7.5 Third-Party Vendor Management

• Contractual obligations: Service providers (e.g., cloud hosting, payment gateways) must comply with our data processing addendum.
• Audit rights: Kasi Pesa reserves the right to audit third parties to ensure compliance with security standards.

7.6 Incident Response

• User communication: If your data is compromised, a transparent communication service will be provided via email at [email protected].

7.7 Continuous Improvement

We conduct risk assessments every six months to address emerging threats, regularly revising policies to reflect technological advancements and regulatory changes. However, while we strive to maintain data security, we cannot guarantee 100% safety.

7.8 Collection and Processing of Sensitive Data

All collected sensitive data will be transmitted to our secure servers to ensure data safety and confidentiality during transit.
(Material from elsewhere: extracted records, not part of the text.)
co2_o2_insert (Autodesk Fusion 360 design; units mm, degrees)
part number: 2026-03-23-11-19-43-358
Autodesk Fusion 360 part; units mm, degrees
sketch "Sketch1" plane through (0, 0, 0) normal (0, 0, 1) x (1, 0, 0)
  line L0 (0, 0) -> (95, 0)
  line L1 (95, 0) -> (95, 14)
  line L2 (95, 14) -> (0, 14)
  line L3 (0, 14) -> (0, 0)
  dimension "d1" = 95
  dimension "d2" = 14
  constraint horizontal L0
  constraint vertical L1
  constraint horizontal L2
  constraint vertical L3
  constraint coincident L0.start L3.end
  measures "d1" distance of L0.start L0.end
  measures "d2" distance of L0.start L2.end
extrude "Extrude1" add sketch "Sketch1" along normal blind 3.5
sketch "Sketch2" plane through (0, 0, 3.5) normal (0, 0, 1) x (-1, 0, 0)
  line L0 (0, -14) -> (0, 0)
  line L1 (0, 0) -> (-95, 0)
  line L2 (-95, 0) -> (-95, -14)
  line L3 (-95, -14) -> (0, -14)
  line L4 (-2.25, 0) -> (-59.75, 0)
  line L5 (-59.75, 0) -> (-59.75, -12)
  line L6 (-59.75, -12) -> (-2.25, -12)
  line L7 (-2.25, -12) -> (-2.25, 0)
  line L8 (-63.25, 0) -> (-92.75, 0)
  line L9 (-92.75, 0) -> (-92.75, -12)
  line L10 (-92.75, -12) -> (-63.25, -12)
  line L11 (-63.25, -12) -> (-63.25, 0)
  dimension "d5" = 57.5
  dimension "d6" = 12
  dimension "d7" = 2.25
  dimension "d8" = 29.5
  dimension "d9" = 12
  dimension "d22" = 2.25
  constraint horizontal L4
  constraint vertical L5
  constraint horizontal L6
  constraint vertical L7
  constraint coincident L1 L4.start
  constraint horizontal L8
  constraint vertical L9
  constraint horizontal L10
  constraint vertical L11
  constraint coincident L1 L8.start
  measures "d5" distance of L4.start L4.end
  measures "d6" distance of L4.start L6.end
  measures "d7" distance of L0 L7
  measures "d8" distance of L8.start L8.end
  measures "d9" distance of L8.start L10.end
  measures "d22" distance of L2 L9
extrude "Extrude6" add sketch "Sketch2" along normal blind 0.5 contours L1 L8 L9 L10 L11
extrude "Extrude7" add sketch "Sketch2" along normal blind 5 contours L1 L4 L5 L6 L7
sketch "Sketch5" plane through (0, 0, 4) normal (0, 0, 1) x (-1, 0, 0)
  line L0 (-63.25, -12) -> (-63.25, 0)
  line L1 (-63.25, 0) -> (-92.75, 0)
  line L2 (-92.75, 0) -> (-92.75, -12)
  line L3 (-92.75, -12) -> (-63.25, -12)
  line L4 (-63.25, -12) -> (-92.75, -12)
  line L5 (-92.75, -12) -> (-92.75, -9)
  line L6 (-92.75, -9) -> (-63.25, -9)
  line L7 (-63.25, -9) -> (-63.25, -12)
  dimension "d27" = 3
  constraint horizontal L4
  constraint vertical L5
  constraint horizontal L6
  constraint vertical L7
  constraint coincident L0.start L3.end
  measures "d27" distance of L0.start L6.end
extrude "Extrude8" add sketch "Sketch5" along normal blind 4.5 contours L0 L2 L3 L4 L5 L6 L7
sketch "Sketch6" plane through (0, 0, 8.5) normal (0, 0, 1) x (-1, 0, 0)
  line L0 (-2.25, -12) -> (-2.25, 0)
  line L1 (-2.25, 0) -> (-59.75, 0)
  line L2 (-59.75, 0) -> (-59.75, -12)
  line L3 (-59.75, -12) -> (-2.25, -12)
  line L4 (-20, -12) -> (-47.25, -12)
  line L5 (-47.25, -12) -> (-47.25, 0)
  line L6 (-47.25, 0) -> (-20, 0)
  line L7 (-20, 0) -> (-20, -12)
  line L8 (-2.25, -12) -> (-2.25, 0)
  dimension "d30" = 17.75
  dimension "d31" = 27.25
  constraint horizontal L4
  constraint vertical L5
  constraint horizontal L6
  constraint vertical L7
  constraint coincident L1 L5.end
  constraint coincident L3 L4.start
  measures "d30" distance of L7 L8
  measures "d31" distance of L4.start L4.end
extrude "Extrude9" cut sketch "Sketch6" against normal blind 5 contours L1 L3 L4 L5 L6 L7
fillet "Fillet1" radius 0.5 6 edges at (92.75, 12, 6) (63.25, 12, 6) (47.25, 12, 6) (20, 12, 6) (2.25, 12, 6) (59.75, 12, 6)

8. Third-party SDKs and Services

To enhance service delivery, we have integrated reliable third-party SDKs and services. Below are detailed descriptions of their purposes, data handling, and compliance measures:

8.1 Faceid SDK

Purpose: To verify user identity through facial recognition during account creation or transactions, facilitating KYC (Know Your Customer) and anti-fraud measures, while accessing the device camera with user consent and ensuring that facial biometric data is encrypted during transmission and storage.
Address: https://faceid.com/pages/sdk_download

8.2 Firebase SDK

Purpose: To provide real-time alerts, utilize Google Analytics to optimize services, monitor technical issues, and process device information and usage logs to enhance application performance and user experience.
Address: https://pub.dev/packages/firebase

8.3 Facebook SDK

Purpose: To achieve more effective ad attribution and optimization, precise user behavior tracking, seamless user experience, and deeper data integration with Facebook's advertising platform.
Address: https://pub.dev/packages/facebook_app_events

9. Children's Privacy

Our application is not suitable for users under the age of 18.

10. Changes to This Policy

We reserve the right to periodically update this privacy policy to reflect regulatory changes, operational improvements, or enhanced user protections. All updates will be published on the customer service platform and through in-app notifications, encouraging users to review regularly to understand how Kasi Pesa manages data.